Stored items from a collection
--- START ---

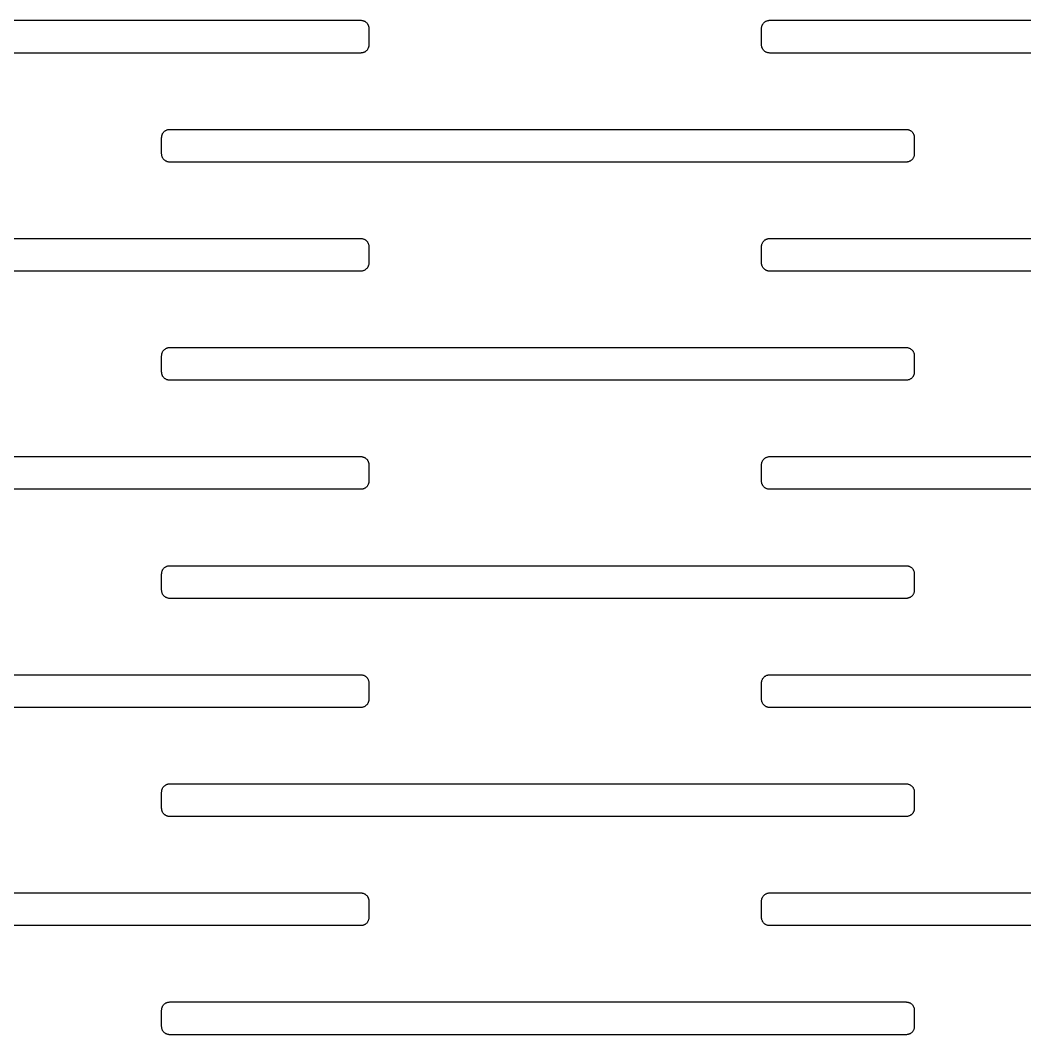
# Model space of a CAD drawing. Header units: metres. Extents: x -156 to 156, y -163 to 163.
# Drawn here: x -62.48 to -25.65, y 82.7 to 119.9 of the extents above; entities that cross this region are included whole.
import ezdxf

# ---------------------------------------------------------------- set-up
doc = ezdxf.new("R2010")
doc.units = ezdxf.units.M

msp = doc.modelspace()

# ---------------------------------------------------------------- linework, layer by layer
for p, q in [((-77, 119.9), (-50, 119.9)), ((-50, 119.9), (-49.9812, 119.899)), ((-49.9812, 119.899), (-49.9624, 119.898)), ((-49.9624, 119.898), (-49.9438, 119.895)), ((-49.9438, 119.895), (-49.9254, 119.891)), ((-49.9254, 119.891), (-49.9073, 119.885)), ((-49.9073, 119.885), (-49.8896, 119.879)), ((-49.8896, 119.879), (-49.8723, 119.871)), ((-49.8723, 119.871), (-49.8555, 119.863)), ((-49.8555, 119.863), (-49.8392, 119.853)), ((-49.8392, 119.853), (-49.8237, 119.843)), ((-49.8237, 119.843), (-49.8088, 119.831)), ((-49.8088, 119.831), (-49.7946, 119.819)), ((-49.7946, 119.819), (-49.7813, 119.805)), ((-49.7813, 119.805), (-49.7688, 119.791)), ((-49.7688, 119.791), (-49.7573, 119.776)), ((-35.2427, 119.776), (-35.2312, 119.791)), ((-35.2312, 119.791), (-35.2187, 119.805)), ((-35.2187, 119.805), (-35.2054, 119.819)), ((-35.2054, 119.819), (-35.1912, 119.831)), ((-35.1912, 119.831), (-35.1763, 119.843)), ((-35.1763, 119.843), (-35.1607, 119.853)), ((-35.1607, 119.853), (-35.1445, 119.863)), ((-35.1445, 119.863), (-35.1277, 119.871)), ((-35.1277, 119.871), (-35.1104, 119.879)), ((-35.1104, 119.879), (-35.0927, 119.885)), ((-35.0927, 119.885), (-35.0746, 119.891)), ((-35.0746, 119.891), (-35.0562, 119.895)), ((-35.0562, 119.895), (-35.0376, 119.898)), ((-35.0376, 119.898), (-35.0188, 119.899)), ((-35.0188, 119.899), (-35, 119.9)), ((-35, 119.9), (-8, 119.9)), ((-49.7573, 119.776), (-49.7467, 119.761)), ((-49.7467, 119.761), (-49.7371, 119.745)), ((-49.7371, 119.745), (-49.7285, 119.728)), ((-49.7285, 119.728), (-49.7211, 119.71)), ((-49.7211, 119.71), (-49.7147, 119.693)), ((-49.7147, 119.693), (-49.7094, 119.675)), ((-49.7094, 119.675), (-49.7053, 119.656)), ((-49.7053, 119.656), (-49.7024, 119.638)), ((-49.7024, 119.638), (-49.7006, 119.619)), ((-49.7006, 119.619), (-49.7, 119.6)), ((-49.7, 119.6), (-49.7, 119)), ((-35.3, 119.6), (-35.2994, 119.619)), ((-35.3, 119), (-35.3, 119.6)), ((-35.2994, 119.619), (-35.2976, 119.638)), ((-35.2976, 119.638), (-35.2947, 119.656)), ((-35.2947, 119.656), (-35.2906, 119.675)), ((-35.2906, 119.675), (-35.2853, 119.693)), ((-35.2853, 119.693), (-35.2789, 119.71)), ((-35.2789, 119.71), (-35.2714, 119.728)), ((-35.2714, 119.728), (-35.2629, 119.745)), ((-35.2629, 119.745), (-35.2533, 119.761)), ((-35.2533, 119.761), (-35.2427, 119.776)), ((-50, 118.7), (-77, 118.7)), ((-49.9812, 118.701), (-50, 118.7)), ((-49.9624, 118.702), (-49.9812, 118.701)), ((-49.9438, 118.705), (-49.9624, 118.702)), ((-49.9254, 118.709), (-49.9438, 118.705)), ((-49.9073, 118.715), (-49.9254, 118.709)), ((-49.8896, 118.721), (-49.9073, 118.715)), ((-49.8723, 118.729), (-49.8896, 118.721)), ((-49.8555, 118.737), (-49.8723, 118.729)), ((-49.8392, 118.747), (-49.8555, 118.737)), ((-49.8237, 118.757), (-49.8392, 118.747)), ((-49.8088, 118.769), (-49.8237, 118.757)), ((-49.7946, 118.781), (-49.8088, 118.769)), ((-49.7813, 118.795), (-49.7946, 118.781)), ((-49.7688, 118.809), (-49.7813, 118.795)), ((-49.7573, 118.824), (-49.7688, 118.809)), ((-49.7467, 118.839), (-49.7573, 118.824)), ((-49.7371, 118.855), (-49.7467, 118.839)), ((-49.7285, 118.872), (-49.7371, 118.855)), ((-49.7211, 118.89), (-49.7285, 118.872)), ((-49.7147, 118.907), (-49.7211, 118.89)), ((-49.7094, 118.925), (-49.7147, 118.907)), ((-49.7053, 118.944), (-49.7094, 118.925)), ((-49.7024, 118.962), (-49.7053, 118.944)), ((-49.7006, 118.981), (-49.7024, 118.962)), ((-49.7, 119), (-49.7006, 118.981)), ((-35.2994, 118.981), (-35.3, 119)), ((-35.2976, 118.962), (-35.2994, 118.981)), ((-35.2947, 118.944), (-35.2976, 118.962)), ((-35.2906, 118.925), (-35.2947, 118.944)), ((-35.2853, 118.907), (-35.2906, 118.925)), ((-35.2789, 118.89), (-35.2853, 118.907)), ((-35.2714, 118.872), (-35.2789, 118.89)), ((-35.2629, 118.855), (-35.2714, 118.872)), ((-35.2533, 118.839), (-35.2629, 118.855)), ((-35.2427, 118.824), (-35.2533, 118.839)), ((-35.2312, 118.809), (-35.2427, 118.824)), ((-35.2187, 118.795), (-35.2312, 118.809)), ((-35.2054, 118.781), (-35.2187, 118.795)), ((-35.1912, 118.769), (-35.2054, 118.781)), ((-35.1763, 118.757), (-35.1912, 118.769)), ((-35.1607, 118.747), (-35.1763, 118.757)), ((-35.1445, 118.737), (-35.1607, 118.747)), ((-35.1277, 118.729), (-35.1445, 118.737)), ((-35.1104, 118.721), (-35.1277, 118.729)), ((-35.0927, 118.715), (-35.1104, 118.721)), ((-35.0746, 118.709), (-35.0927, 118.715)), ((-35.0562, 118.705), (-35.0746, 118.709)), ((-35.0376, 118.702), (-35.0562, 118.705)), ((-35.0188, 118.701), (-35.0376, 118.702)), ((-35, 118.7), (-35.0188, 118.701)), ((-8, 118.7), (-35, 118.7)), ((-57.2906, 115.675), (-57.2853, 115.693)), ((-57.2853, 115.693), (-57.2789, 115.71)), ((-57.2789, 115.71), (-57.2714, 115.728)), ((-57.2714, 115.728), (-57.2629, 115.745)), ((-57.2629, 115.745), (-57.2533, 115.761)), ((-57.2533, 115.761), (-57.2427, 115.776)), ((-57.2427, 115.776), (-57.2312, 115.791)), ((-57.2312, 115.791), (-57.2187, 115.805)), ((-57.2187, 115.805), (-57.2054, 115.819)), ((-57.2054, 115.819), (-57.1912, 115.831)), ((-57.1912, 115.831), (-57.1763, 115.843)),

--- END ---

**ACTIVITY:** Report back every line of the entries in which "units" occurs.

**REPLY:**
# Model space of a CAD drawing. Header units: metres. Extents: x -156 to 156, y -163 to 163.
doc.units = ezdxf.units.M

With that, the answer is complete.